NOLA D.A. Williams offers misdemeanor plea for Dan Bright

From attempted murder to misdemeanor battery
From attempted murder to misdemeanor battery Photo credit WWL/CM

A man who spent eight years on Death Row before his case was overturned and then re-arrested on an attempted murder charge and jailed for 22 months, has accepted a plea deal of misdemeanor battery.

The odyssey of Dan Bright may sound like fiction, but is in fact a story of how justice has been done in Orleans Parish under former District Attorney Leon Cannizzaro.

As one the first cases prosecuted by new District Attorney Jason Williams, Bright accepted the plea and was promptly released since he’s already served the six months’ time behind bars.

Bright had been arrested almost two years ago and charged with the stabbing of another man in the Lower Ninth Ward.

Cannizzaro’s office at the time continued to press the case, despite the victim in the matter saying the police had arrested the wrong man.

Even the affidavit submitted by the victim clearly repudiated what the DA’s office was pressing:

"The man who stabbed me was not Dan Bright. The man who stabbed me is taller and heavier than Dan and has dreadlocks.”

Still despite this Cannizzaro’s office continued to hold Bright over for trial, and would only offer a three-year plea deal.

Bright was scheduled to go to trial in March 2020, but the coronavirus slammed the brakes on trials.

Bright’s defense attorney, Christopher Murrell told the Times-Picayune/New Orleans Advocate the case was due to “lazy, biased, and incompetent police work."
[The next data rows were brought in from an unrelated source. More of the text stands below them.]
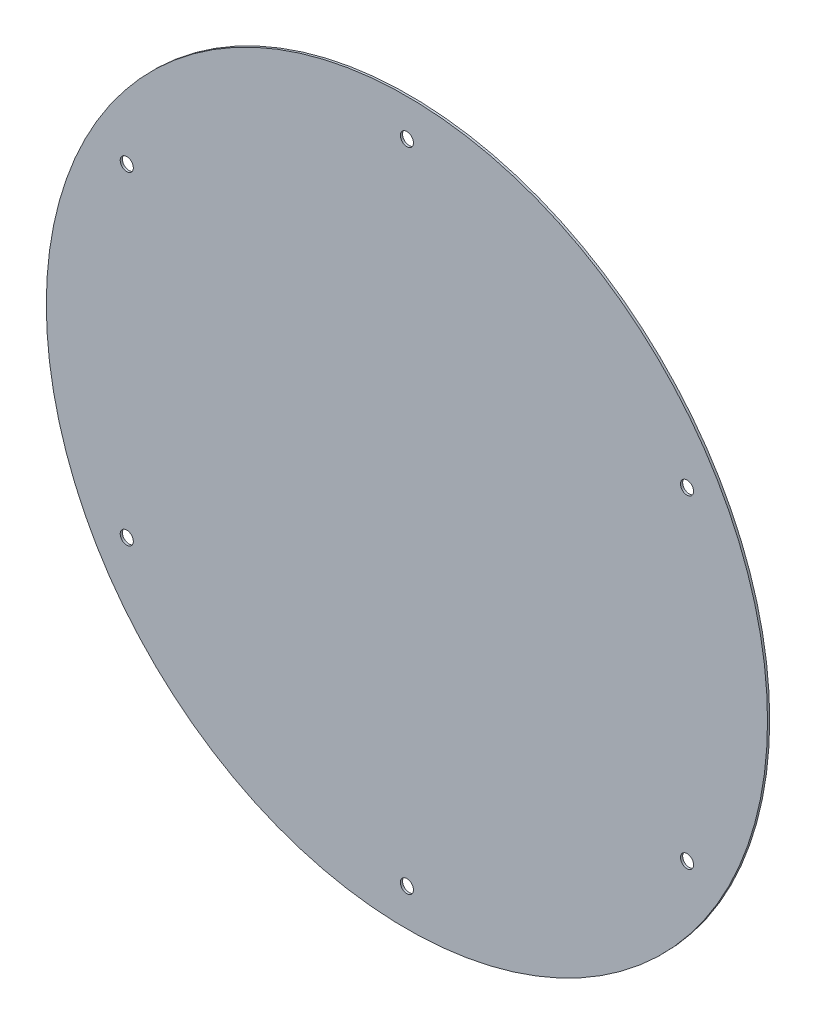
from build123d import *

# Parameters (mm, degrees)
SKETCH1_R           = 82.5
SKETCH1_R_2         = 1.5
BOSS_EXTRUDE1_DEPTH = 0.5


with BuildPart() as part:
    # Sketch1 → Boss-Extrude1 (new body)
    with BuildSketch(Plane.XY):
        Circle(SKETCH1_R)
        with Locations((0, 74)):
            Circle(SKETCH1_R_2, mode=Mode.SUBTRACT)
        with Locations((0, -74)):
            Circle(SKETCH1_R_2, mode=Mode.SUBTRACT)
        with Locations((64.08587988, 37)):
            Circle(SKETCH1_R_2, mode=Mode.SUBTRACT)
        with Locations((64.08587988, -37)):
            Circle(SKETCH1_R_2, mode=Mode.SUBTRACT)
        with Locations((-64.08587988, -37)):
            Circle(SKETCH1_R_2, mode=Mode.SUBTRACT)
        with Locations((-64.08587988, 37)):
            Circle(SKETCH1_R_2, mode=Mode.SUBTRACT)
    extrude(amount=BOSS_EXTRUDE1_DEPTH)


solid = part.part
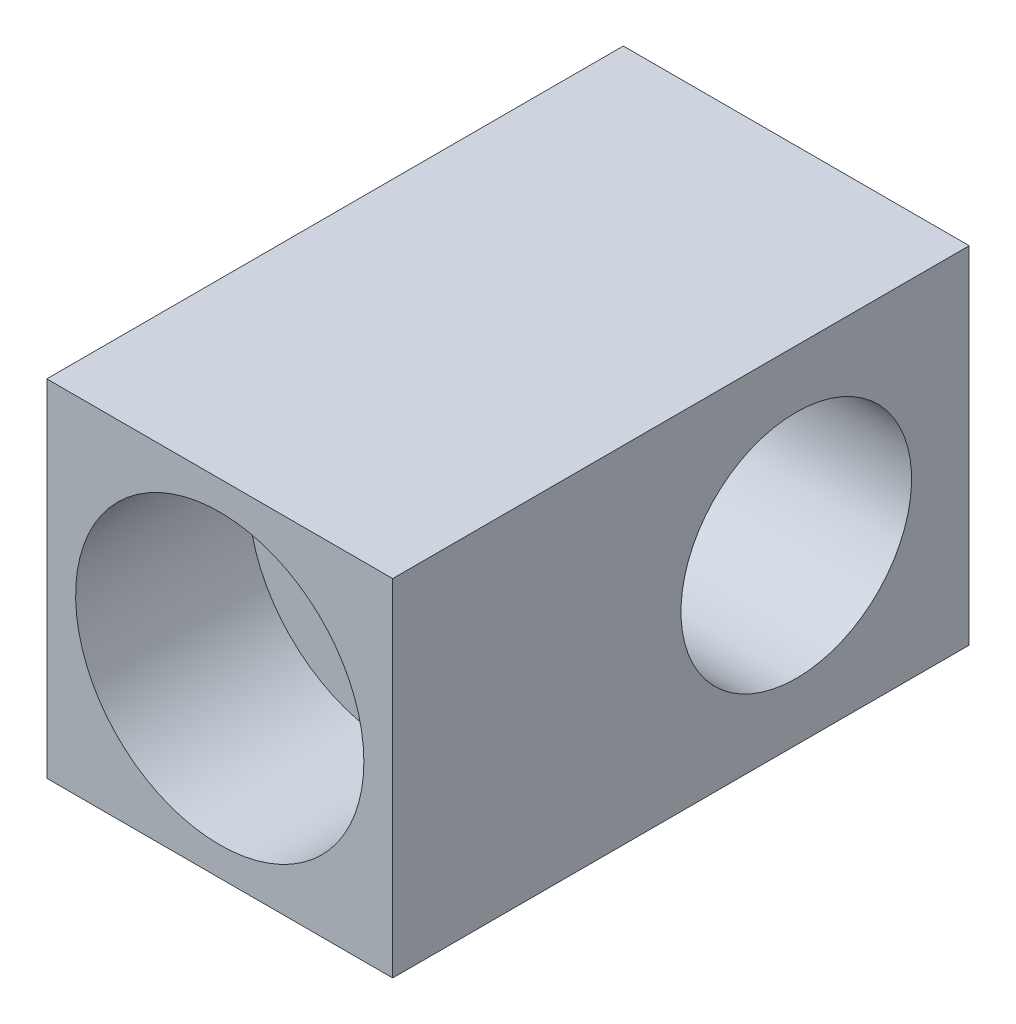
from build123d import *

# Parameters (mm, degrees)
SKETCH1_W           = 3
SKETCH1_H           = 3
BOSS_EXTRUDE2_DEPTH = 6
SKETCH2_R           = 1
CUT_EXTRUDE1_DEPTH  = 6
SKETCH3_R           = 1.25
CUT_EXTRUDE2_DEPTH  = 2.5
SKETCH4_W           = 1
SKETCH4_H           = 3
CUT_EXTRUDE21_DEPTH = 4


with BuildPart() as part:
    # Sketch1 → Boss-Extrude2 (new body)
    with BuildSketch(Plane.XY):
        Rectangle(SKETCH1_W, SKETCH1_H)
    extrude(amount=BOSS_EXTRUDE2_DEPTH)

    # Sketch2 → Cut-Extrude1 (cut)
    with BuildSketch(Plane(origin=(1.5, 0, 0), x_dir=(0, 0, -1), z_dir=(1, 0, 0))):
        with Locations(Location((-1.5, 0, 0), (0, 0, 90))):
            Circle(SKETCH2_R)
    extrude(amount=-CUT_EXTRUDE1_DEPTH, mode=Mode.SUBTRACT)

    # Sketch3 → Cut-Extrude2 (cut)
    with BuildSketch(Plane.XY.offset(6)):
        Circle(SKETCH3_R)
    extrude(amount=-CUT_EXTRUDE2_DEPTH, mode=Mode.SUBTRACT)

    # Sketch4 → Cut-Extrude21 (cut)
    with BuildSketch(Plane(origin=(1.5, 0, 0), x_dir=(0, 0, -1), z_dir=(1, 0, 0))):
        with Locations((-5.5, 0)):
            Rectangle(SKETCH4_W, SKETCH4_H)
    extrude(amount=-CUT_EXTRUDE21_DEPTH, mode=Mode.SUBTRACT)


solid = part.part
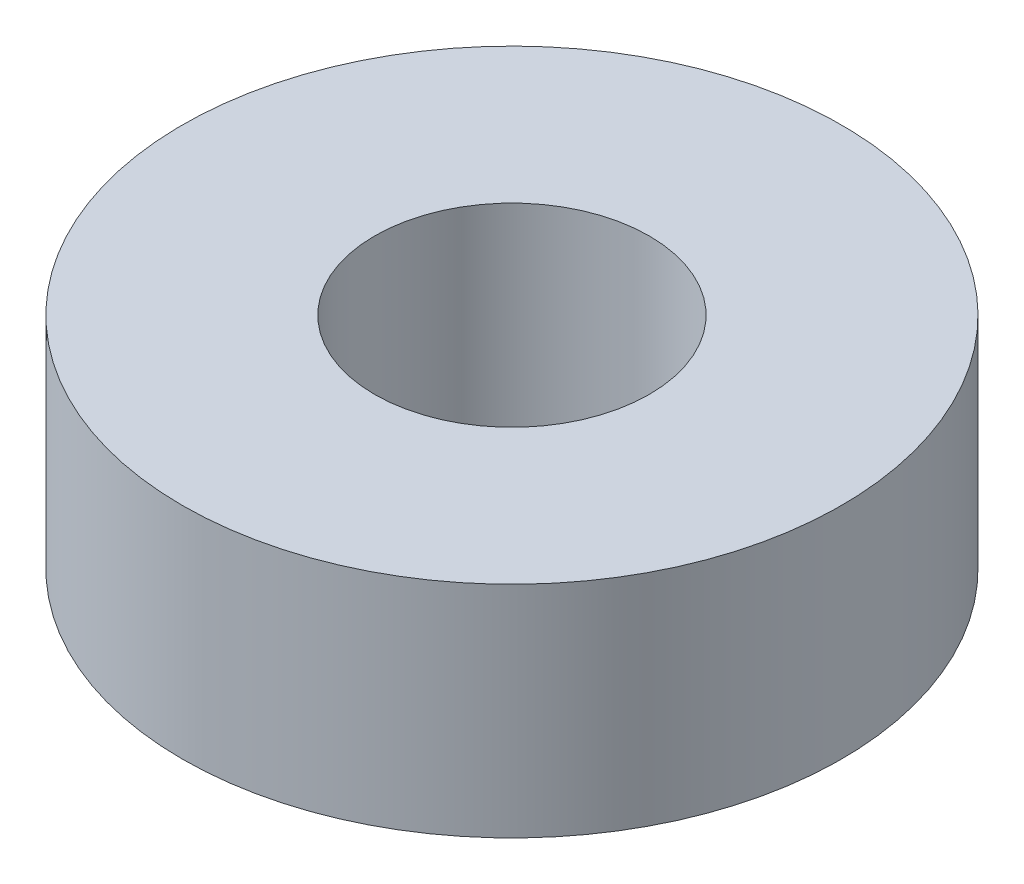
from build123d import *

# Parameters (mm, degrees)
SKETCH1_R           = 4.7625
SKETCH1_R_2         = 1.984375
BOSS_EXTRUDE1_DEPTH = 3.175


with BuildPart() as part:
    # Sketch1 → Boss-Extrude1 (new body)
    with BuildSketch(Plane(origin=(0, 0, 0), x_dir=(1, 0, 0), z_dir=(0, 1, 0))):
        with Locations(Location((0, 0, 0), (0, 0, 270))):
            Circle(SKETCH1_R)
        with Locations(Location((0, 0, 0), (0, 0, 270))):
            Circle(SKETCH1_R_2, mode=Mode.SUBTRACT)
    extrude(amount=BOSS_EXTRUDE1_DEPTH)


solid = part.part

Murrell took the case directly to the new DA on Monday, Williams first day on the job.

Speaking after the matter was finally resolve, Murrell went on to slam former District Attorney Cannizzaro’s office stating: "Everyone who reviewed this case immediately recognized its flaws and weaknesses. Nevertheless, out of petty spite and vindictiveness, Cannizzaro personally offered an unjust plea deal that would have kept Dan in jail three years."

Bright walked free from Orleans Parish Prison at 10pm Thursday night.

Bright was initially freed from Death Row due to the work of the Innocence Project, New Orleans.

The head of the IPNO is now Assistant District Attorney Emily Maw, who is in charge of civil rights cases for the District Attorney’s Office.